Stochastic approximation

Stochastic approximation methods are a family of iterative methods typically used for root-finding problems or for optimization problems. The recursive update rules of stochastic approximation methods can be used, among other things, for solving linear systems when the collected data is corrupted by noise, or for approximating extreme values of functions which cannot be computed directly, but only estimated via noisy observations.

In a nutshell, stochastic approximation algorithms deal with a function of the form ${\textstyle f(\theta )=\operatorname {E} _{\xi }[F(\theta ,\xi )]}$ which is the expected value of a function depending on a random variable ${\textstyle \xi }$. The goal is to recover properties of such a function ${\textstyle f}$ without evaluating it directly. Instead, stochastic approximation algorithms use random samples of ${\textstyle F(\theta ,\xi )}$ to efficiently approximate properties of ${\textstyle f}$ such as zeros or extrema.

Recently, stochastic approximations have found extensive applications in the fields of statistics and machine learning, especially in settings with big data. These applications range from stochastic optimization methods and algorithms, to online forms of the EM algorithm, reinforcement learning via temporal differences, and deep learning, and others. Stochastic approximation algorithms have also been used in the social sciences to describe collective dynamics: fictitious play in learning theory and consensus algorithms can be studied using their theory.

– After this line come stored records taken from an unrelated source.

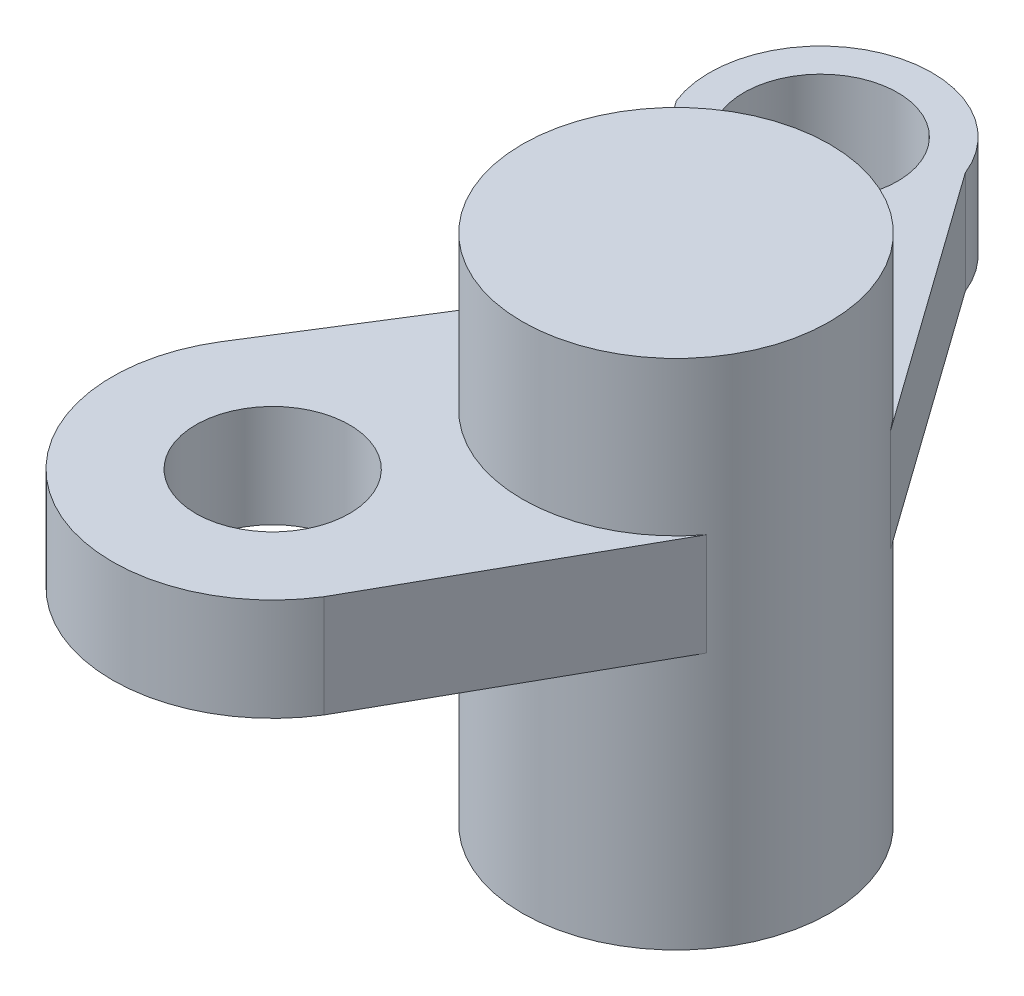
SolidWorks part; units mm, degrees
ref_plane "Front Plane" through (0, 0, 0) normal (0, 0, 1) x (1, 0, 0)
ref_plane "Top Plane" through (0, 0, 0) normal (0, 1, 0) x (1, 0, 0)
ref_plane "Right Plane" through (0, 0, 0) normal (1, 0, 0) x (0, 0, -1)
sketch "Sketch1" plane through (0, 0, 0) normal (0, 1, 0) x (1, 0, 0)
  line L0 (0, -55) -> (0, 55) construction
  line L1 (-55, 0) -> (55, 0) construction
  line L2 (-7.5403, 3.5959) -> (-10.5991, -1.273)
  line L3 (-2.6045, 0.194) -> (-5.2884, -4.5851)
  line L4 (-7.5403, 3.5959) -> (-10.2309, 7.2349)
  line L5 (-2.5578, 3.7423) -> (-6.1925, 8.837)
  circle A0 centre (-5, 2) radius 3
  arc A2 (-10.5991, -1.273) -> (-5.2884, -4.5851) centre (-7.9438, -2.929) ccw
  arc A3 (-10.2309, 7.2349) -> (-6.1925, 8.837) centre (-8.2117, 8.036) cw
  circle A4 centre (-7.9438, -2.929) radius 1.5
  circle A5 centre (-8.2117, 8.036) radius 1.5
  point P16 (-7.5643, -3.0034)
  point P17 (-9.3289, -2.0709)
  point P18 (-8.2117, 8.036)
  dimension "D1" = 6
  dimension "D3" = 3
  dimension "D5" = 3
  dimension "D2" = 5
  dimension "D4" = 2
extrude "Boss-Extrude1" add sketch "Sketch1" along normal blind 10 contours A0 region at (-5, 0, -2)
extrude "Boss-Extrude2" add sketch "Sketch1<3>" along normal blind 2 from offset 5 contours L2 A2 L3 A0 A4 | A3 L4 A0 L5 A5 region at (-6.7754, 0, 0.5759) region at (-7.0554, 0, -6.7049)
sketch "Sketch1<3>" plane through (0, 0, 0) normal (0, 1, 0) x (1, 0, 0) same geometry as "Sketch1"
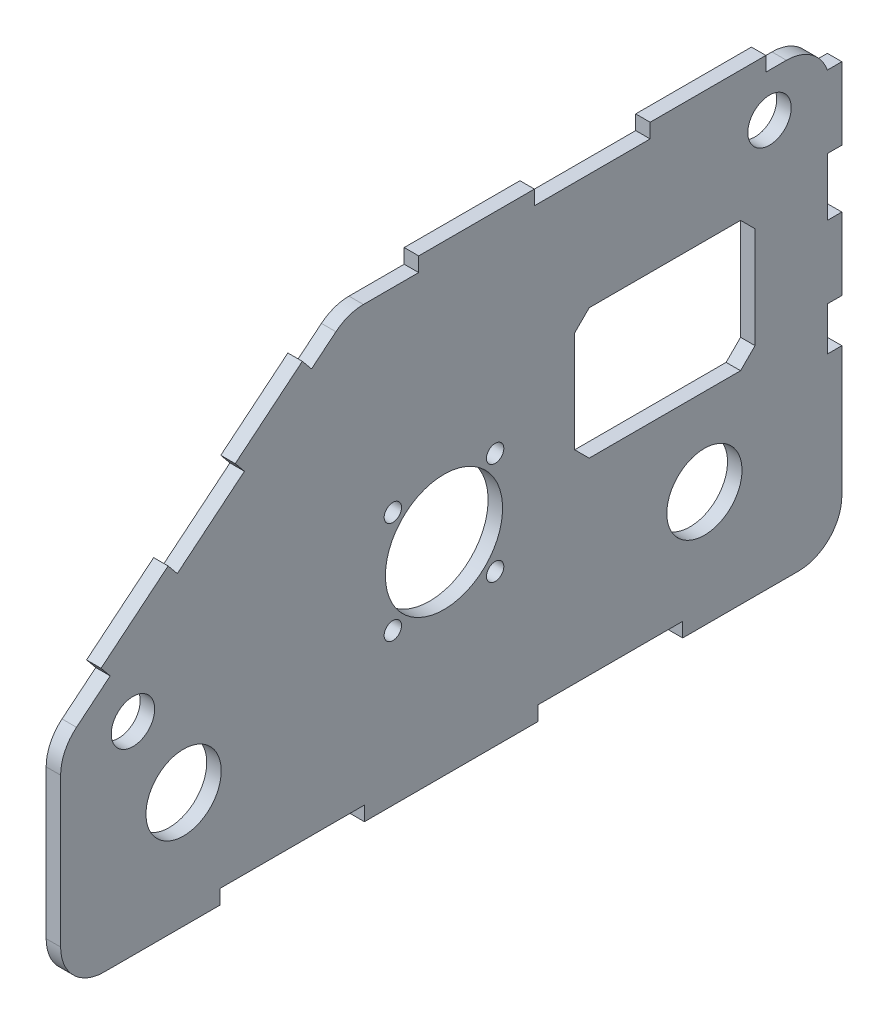
SolidWorks part; units mm, degrees
ref_plane "Plan de face" through (0, 0, 0) normal (0, 0, 1) x (1, 0, 0)
ref_plane "Plan de dessus" through (0, 0, 0) normal (0, 1, 0) x (1, 0, 0)
ref_plane "Plan de droite" through (0, 0, 0) normal (1, 0, 0) x (0, 0, -1)
sketch "Esquisse1" plane through (0, 0, 0) normal (1, 0, 0) x (0, 0, -1)
  line L0 (0, 0) -> (540, 0) construction
  line L1 (540, 0) -> (540, 310)
  line L2 (540, 310) -> (195, 310)
  line L3 (195, 310) -> (0, 150)
  line L4 (0, 150) -> (0, 0)
  line L5 (0, 150) -> (195, 150) construction
  line L6 (195, 150) -> (195, 310) construction
  line L7 (195, 150) -> (195, 0) construction
  line L8 (490, 0) -> (490, 270) construction
  line L9 (490, 270) -> (540, 270) construction
  line L10 (50, 130) -> (50, 0) construction
  line L11 (50, 0) -> (50, 130) construction
  line L12 (50, 130) -> (0, 130) construction
  line L13 (540, 0) -> (540, -10) construction
  line L14 (540, -10) -> (0, -10) construction
  line L15 (0, -10) -> (0, 0) construction
  line L16 (430, 0) -> (330, 0)
  line L17 (430, 0) -> (430, -10)
  line L18 (210, 0) -> (110, 0)
  line L19 (330, -10) -> (330, 0)
  line L21 (210, 0) -> (210, -10)
  line L23 (110, -10) -> (110, 0)
  line L25 (270, 0) -> (270, -10) construction
  line L26 (540, 0) -> (540, -10)
  line L27 (540, -10) -> (430, -10)
  line L28 (330, -10) -> (210, -10)
  line L29 (0, 0) -> (0, -10)
  line L30 (0, -10) -> (110, -10)
  circle A0 centre (490, 270) radius 15
  circle A1 centre (50, 130) radius 15
  dimension "D1" = 30
  dimension "D2" = 30
  dimension "D3" = 40
  dimension "D4" = 20
  dimension "D5" = 440
  dimension "D6" = 10
  dimension "D7" = 50
  dimension "D8" = 50
  dimension "D9" = 195
  dimension "D10" = 150
  dimension "D11" = 140
  dimension "D12" = 100
  dimension "D13" = 100
  dimension "D14" = 120
extrude "Boss.-Extru.1" add sketch "Esquisse1" along normal blind 10
sketch "Esquisse5" plane through (0, 0, 0) normal (-1, 0, 0) x (0, 0, 1)
  line L0 (-265, 310) -> (-265, -10) construction
  line L1 (-305.5, 130) -> (-224.5, 130) construction
  line L2 (-540, 310) -> (-195, 310) construction
  line L3 (-210, -10) -> (-330, -10) construction
  line L4 (-590, 130) -> (40, 130) construction
  line L5 (-540, -10) -> (-540, 310) construction
  line L7 (-430, -10) -> (-540, -10) construction
  line L10 (-265, 130) -> (-265, 80.0076) construction
  line L12 (-265, 130) -> (-300.35, 94.65) construction
  circle A0 centre (-265, 130) radius 40.5
  circle A4 centre (-265, 130) radius 49.9924 construction
  circle A5 centre (-300.35, 94.65) radius 6
  circle A6 centre (-300.35, 165.35) radius 6
  circle A7 centre (-229.65, 165.35) radius 6
  circle A8 centre (-229.65, 94.65) radius 6
  point P31 (-265, 130)
  dimension "D1" = 70.7
  dimension "D2" = 81
  dimension "D6" = 12
  dimension "D3" = 275
  dimension "D4" = 140
  dimension "D8" = 45
  dimension "D7" = 4
extrude "Enlèv. mat.-Extru.1" cut sketch "Esquisse5" against normal blind 10
sketch "Esquisse6" plane through (0, 0, 0) normal (-1, 0, 0) x (0, 0, 1)
  line L0 (-445, 70) -> (-265, 70) construction
  line L1 (-265, 130) -> (-265, 70) construction
  circle A0 centre (-445, 70) radius 26
  circle A1 centre (-85, 70) radius 26
  dimension "D2" = 52
  dimension "D1" = 180
  dimension "D3" = 60
extrude "Enlèv. mat.-Extru.2" cut sketch "Esquisse6" against normal blind 10
sketch "Esquisse7" plane through (0, 0, 0) normal (-1, 0, 0) x (0, 0, 1)
  line L0 (-540, 300) -> (-198.5775, 300) construction
  line L1 (-540, -10) -> (-540, 310) construction
  line L2 (0, 137.0646) -> (-198.5775, 300) construction
  line L3 (0, 150) -> (0, -10) construction
  line L4 (-195, 310) -> (0, 150) construction
  line L5 (-540, 310) -> (-195, 310) construction
  line L6 (-198.5775, 300) -> (-247.5, 300)
  line L7 (-247.5, 300) -> (-247.5, 310)
  line L8 (-247.5, 310) -> (-327.5, 310)
  line L9 (-327.5, 310) -> (-327.5, 300)
  line L10 (-327.5, 300) -> (-407.5, 300)
  line L11 (-367.5, 300) -> (-367.5, 310) construction
  line L12 (-487.5, 300) -> (-487.5, 310)
  line L13 (-487.5, 310) -> (-407.5, 310)
  line L14 (-407.5, 310) -> (-407.5, 300)
  line L15 (-530, 310) -> (-530, -10) construction
  line L16 (-540, 310) -> (-195, 310) construction
  line L17 (-430, -10) -> (-540, -10) construction
  line L18 (-540, -10) -> (-540, 310) construction
  line L19 (-487.5, 300) -> (-530, 300)
  line L20 (-530, 300) -> (-530, 280)
  line L21 (-530, 280) -> (-540, 280)
  line L22 (-540, 280) -> (-540, 230)
  line L23 (-540, 230) -> (-530, 230)
  line L24 (-530, 230) -> (-530, 190)
  line L25 (-530, 190) -> (-540, 190)
  line L26 (-540, 190) -> (-540, 140)
  line L27 (-540, 140) -> (-530, 140)
  line L28 (-530, 140) -> (-530, 110)
  line L29 (-530, 110) -> (-794.7805, 110)
  line L30 (-794.7805, 110) -> (-794.7805, 495.7328)
  line L31 (-794.7805, 495.7328) -> (95.6318, 495.7328)
  line L32 (95.6318, 495.7328) -> (95.6318, 137.0646)
  line L33 (95.6318, 137.0646) -> (0, 137.0646)
  line L34 (0, 137.0646) -> (-34.2666, 165.1808)
  line L35 (-34.2666, 165.1808) -> (-27.9234, 172.9115)
  line L36 (-195, 310) -> (0, 150) construction
  line L37 (-27.9234, 172.9115) -> (-74.3078, 210.9705)
  line L38 (-74.3078, 210.9705) -> (-80.651, 203.2398)
  line L39 (-80.651, 203.2398) -> (-127.0354, 241.2988)
  line L40 (-103.8432, 222.2693) -> (-97.5, 230) construction
  line L41 (-120.6922, 249.0295) -> (-127.0354, 241.2988)
  line L42 (-167.0766, 287.0885) -> (-120.6922, 249.0295)
  line L43 (-173.4198, 279.3578) -> (-167.0766, 287.0885)
  line L44 (-198.5775, 300) -> (-173.4198, 279.3578)
  dimension "D1" = 10
  dimension "D2" = 10
  dimension "D3" = 40
  dimension "D4" = 80
  dimension "D5" = 10
  dimension "D6" = 30
  dimension "D7" = 60
  dimension "D8" = 50
  dimension "D9" = 50
  dimension "D10" = 40
  dimension "D11" = 30
  dimension "D12" = 30
extrude "Enlèv. mat.-Extru.3" cut sketch "Esquisse7" against normal blind 10
fillet "Congé1" radius 30 5 edges at (5, -10, -540) (5, 300, -530) (5, -10, 0) (5, 137.0646, 0) (5, 300, -198.5775)
sketch "Esquisse8" plane through (0, 0, 0) normal (-1, 0, 0) x (0, 0, 1)
  line L0 (-355.35, 210) -> (-365.35, 220)
  line L1 (-365.35, 220) -> (-470, 220)
  line L2 (-355.35, 210) -> (-355.35, 140)
  line L3 (-365.35, 130) -> (-470, 130)
  line L4 (-480, 210) -> (-480, 140)
  line L5 (-355.35, 140) -> (-365.35, 130)
  line L6 (-470, 130) -> (-480, 140)
  line L7 (-470, 220) -> (-480, 210)
  line L14 (-530, 190) -> (-530, 230) construction
  line L15 (-407.5, 300) -> (-327.5, 300) construction
  line L16 (-300.35, 165.35) -> (-300.35, 94.65) construction
  point P0 (-355.35, 220)
  point P1 (-480, 130)
  point P2 (-355.35, 130)
  point P3 (-480, 220)
  point P14 (-480, 175)
  point P27 (-300.35, 165.35)
  point P28 (-300.35, 94.65)
  dimension "D1" = 50
  dimension "D2" = 80
  dimension "D7" = 90
  dimension "55" = 55
extrude "Enlèv. mat.-Extru.4" cut sketch "Esquisse8" against normal blind 10

The earliest, and prototypical, algorithms of this kind are the Robbins–Monro and Kiefer–Wolfowitz algorithms introduced respectively in 1951 and 1952.

The Robbins–Monro algorithm, introduced in 1951 by Herbert Robbins and Sutton Monro, presented a methodology for solving a root finding problem, where the function is represented as an expected value. Assume that we have a function ${\textstyle M(\theta )}$, and a constant ${\textstyle \alpha }$, such that the equation ${\textstyle M(\theta )=\alpha }$ has a unique root at ${\textstyle \theta ^{*}.}$ It is assumed that while we cannot directly observe the function ${\textstyle M(\theta ),}$ we can instead obtain measurements of the random variable ${\textstyle N(\theta )}$ where ${\textstyle \operatorname {E} [N(\theta )]=M(\theta )}$. The structure of the algorithm is to then generate iterates of the form:

$${\displaystyle \theta _{n+1}=\theta _{n}-a_{n}(N(\theta _{n})-\alpha )}$$

Here, ${\displaystyle a_{1},a_{2},\dots }$ is a sequence of positive step sizes. Robbins and Monro proved^{, Theorem 2} that ${\displaystyle \theta _{n}}$ converges in ${\displaystyle L^{2}}$ (and hence also in probability) to ${\displaystyle \theta ^{*}}$, and Blum later proved the convergence is actually with probability one, provided that:

$${\displaystyle \qquad \sum _{n=0}^{\infty }a_{n}=\infty \quad {\mbox{ and }}\quad \sum _{n=0}^{\infty }a_{n}^{2}<\infty \quad }$$ A particular sequence of steps which satisfy these conditions, and was suggested by Robbins–Monro, have the form: ${\textstyle a_{n}=a/n}$, for ${\textstyle a>0}$. Other series, such as ${\displaystyle a_{n}={\frac {1}{n\ln n}},{\frac {1}{n\ln n\ln \ln n}},\dots }$ are possible but in order to average out the noise in ${\textstyle N(\theta )}$, the above condition must be met.